> TASK ITEM
Produce the records below again, word for word, but stop after the line that contains "acceptableRadius = 0.05".

> INPUT DATA
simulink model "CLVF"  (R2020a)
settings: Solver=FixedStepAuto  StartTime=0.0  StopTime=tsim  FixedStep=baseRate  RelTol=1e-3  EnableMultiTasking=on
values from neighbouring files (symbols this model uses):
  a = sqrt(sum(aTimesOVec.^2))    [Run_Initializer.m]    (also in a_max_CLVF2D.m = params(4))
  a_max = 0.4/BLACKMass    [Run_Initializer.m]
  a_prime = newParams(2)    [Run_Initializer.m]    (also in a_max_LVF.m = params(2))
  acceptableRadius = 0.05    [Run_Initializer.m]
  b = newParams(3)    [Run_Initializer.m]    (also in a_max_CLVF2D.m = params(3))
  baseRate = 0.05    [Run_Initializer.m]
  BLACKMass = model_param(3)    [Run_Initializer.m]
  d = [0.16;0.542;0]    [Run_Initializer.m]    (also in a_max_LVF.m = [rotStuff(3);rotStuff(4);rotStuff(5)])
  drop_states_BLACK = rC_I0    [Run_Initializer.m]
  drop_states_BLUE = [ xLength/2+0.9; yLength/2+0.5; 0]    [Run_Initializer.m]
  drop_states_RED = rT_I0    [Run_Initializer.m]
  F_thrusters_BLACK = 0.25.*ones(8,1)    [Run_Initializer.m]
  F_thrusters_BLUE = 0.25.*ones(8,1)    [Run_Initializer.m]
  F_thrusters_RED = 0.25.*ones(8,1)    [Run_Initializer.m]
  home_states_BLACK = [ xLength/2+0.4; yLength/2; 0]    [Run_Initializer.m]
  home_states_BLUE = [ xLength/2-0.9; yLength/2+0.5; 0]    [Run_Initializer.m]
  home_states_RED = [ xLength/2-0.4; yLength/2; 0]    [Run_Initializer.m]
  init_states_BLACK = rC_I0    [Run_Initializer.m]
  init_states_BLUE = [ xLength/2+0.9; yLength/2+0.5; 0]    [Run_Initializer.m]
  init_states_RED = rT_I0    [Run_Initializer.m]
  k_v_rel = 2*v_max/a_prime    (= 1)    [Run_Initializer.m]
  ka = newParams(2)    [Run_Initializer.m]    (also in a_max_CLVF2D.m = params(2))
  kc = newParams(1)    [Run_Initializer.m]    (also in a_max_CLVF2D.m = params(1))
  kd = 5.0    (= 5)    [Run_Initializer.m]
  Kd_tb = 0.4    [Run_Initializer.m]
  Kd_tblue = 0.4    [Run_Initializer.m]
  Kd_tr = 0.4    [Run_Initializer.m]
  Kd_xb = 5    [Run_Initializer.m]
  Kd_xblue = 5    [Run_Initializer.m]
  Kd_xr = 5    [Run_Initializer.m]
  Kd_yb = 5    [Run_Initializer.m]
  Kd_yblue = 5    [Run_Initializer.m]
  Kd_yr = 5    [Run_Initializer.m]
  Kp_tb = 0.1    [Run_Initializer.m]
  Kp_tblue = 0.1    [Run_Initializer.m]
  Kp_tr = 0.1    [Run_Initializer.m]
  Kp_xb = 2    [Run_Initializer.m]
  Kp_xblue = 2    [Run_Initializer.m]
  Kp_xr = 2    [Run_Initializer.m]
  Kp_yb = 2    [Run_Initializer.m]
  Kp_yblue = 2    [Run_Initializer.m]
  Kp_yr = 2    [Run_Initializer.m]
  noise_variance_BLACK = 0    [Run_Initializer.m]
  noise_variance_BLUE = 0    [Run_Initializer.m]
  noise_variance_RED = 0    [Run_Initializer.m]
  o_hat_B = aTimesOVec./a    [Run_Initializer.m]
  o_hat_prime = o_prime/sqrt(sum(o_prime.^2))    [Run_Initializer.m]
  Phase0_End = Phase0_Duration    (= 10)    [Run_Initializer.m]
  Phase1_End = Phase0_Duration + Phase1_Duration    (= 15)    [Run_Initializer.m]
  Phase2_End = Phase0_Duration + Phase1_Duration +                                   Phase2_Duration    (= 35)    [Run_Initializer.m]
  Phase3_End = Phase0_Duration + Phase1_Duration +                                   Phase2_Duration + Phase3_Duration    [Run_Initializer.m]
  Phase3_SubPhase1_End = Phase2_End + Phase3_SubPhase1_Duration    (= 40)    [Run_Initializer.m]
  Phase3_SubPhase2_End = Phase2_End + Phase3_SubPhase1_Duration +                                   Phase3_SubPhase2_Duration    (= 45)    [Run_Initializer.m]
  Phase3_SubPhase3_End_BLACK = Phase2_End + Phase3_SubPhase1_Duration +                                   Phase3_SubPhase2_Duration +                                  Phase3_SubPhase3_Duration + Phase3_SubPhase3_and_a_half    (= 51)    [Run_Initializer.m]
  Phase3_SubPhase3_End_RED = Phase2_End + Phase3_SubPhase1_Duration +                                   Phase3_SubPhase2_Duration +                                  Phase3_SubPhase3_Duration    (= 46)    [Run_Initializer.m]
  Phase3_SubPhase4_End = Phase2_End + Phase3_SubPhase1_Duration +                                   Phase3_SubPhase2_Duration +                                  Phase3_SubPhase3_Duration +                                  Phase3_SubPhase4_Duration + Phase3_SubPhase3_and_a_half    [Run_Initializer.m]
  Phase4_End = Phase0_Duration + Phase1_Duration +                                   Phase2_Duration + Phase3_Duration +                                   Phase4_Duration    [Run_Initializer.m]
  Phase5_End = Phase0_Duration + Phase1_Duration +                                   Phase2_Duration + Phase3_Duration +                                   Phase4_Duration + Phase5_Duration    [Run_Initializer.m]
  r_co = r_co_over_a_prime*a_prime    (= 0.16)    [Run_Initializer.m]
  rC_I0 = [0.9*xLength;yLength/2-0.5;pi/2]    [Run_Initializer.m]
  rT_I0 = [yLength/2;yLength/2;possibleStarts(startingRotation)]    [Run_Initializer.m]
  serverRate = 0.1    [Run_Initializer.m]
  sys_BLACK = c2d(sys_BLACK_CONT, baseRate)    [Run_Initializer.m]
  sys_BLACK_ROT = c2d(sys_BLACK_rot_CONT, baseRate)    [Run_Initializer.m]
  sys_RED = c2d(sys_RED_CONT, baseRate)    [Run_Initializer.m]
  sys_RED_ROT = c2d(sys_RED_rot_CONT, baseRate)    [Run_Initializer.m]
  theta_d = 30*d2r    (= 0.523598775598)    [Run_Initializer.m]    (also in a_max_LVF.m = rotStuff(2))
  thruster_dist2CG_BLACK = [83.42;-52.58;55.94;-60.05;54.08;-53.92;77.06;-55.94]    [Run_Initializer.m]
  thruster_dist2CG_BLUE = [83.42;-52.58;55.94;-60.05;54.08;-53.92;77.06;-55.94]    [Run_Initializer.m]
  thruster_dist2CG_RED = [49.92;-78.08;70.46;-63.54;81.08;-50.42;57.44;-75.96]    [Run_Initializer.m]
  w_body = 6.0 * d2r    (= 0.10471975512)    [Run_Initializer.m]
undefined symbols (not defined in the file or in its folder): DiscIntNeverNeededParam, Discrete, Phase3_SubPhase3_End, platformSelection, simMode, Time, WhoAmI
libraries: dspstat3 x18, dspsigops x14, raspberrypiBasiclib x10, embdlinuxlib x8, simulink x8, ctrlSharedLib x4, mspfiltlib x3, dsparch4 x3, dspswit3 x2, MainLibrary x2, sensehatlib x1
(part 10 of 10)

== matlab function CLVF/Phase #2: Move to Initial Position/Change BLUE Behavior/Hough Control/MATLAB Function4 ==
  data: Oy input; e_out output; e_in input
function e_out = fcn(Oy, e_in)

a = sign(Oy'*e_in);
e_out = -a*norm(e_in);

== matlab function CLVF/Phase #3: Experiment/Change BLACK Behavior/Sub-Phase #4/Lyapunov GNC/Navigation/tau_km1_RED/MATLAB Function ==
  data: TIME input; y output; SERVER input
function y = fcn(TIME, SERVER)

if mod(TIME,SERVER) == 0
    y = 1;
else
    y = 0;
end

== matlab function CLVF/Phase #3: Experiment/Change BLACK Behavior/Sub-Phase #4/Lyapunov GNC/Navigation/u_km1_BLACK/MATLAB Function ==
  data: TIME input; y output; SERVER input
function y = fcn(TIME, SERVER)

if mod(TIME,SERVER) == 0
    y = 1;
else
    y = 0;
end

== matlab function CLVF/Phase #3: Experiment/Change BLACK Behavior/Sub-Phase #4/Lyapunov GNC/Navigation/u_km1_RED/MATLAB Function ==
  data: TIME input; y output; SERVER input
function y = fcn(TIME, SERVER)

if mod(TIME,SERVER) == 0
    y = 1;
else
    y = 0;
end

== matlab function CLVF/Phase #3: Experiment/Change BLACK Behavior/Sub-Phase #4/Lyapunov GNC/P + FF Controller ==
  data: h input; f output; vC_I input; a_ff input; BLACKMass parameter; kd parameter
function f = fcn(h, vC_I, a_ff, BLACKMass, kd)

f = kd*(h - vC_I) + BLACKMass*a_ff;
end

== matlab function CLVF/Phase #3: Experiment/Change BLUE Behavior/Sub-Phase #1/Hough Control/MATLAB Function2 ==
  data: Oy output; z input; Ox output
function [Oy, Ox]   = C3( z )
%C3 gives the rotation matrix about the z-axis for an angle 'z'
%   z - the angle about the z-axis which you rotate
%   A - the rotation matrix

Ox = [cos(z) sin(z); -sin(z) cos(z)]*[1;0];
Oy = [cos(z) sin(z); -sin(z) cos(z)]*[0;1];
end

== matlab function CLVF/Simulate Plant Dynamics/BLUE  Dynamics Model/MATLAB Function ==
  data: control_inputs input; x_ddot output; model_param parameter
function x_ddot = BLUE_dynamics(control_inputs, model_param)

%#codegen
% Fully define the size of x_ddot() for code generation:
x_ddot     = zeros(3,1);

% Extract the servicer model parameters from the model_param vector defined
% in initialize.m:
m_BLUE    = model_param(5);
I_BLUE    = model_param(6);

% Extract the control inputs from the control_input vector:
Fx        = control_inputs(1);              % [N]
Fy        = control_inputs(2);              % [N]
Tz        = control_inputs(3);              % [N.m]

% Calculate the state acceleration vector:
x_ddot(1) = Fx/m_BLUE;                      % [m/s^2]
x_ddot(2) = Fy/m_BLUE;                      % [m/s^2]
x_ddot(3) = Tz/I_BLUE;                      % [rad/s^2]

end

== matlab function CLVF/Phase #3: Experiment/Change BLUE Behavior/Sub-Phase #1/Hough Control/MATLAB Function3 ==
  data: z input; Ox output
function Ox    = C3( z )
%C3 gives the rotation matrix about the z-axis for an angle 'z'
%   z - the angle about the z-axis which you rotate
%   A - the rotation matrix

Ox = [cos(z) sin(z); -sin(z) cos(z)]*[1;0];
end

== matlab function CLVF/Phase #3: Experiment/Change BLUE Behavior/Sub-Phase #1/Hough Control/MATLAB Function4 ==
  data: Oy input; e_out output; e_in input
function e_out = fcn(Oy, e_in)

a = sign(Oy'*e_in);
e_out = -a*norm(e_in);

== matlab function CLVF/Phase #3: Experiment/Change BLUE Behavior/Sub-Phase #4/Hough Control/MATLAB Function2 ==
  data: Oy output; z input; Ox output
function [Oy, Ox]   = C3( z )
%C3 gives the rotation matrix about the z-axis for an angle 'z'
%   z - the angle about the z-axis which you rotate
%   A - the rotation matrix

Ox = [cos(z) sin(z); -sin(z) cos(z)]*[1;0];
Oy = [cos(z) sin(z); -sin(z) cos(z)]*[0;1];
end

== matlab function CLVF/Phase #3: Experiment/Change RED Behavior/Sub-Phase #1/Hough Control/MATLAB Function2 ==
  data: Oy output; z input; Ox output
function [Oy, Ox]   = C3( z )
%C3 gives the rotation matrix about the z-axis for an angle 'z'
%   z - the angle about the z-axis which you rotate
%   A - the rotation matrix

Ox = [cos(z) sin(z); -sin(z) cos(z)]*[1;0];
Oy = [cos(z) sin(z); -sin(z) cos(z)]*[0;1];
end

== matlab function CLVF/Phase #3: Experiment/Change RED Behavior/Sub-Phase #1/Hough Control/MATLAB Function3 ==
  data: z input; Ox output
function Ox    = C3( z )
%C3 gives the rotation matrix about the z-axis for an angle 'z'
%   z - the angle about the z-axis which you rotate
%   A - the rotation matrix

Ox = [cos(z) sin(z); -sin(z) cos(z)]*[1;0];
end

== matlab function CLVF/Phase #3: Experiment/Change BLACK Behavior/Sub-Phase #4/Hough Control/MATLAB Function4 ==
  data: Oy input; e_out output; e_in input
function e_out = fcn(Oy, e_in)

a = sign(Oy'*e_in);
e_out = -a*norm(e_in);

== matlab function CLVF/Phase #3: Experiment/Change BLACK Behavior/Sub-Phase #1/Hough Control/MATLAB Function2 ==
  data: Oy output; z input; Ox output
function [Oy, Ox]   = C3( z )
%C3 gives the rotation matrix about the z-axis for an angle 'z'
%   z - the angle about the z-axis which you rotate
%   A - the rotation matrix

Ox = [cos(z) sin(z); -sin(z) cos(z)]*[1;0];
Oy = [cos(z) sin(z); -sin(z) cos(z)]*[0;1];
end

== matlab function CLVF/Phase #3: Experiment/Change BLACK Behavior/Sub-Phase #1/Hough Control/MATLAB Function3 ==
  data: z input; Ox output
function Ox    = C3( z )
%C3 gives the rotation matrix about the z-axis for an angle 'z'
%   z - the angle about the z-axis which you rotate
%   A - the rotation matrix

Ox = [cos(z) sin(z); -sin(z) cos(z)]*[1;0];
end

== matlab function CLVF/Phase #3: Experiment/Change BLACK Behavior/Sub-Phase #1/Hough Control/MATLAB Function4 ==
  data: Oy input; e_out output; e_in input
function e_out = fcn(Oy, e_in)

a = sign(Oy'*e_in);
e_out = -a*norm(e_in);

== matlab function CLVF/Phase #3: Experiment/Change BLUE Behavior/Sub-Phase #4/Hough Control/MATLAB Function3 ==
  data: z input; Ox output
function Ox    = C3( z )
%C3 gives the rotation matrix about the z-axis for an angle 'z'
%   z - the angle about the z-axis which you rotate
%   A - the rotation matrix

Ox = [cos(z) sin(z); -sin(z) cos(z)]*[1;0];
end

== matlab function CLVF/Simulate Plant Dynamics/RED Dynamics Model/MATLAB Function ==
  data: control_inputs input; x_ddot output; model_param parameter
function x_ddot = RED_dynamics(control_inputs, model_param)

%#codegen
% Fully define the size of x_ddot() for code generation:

> REPLY
simulink model "CLVF"  (R2020a)
settings: Solver=FixedStepAuto  StartTime=0.0  StopTime=tsim  FixedStep=baseRate  RelTol=1e-3  EnableMultiTasking=on
values from neighbouring files (symbols this model uses):
  a = sqrt(sum(aTimesOVec.^2))    [Run_Initializer.m]    (also in a_max_CLVF2D.m = params(4))
  a_max = 0.4/BLACKMass    [Run_Initializer.m]
  a_prime = newParams(2)    [Run_Initializer.m]    (also in a_max_LVF.m = params(2))
  acceptableRadius = 0.05    [Run_Initializer.m]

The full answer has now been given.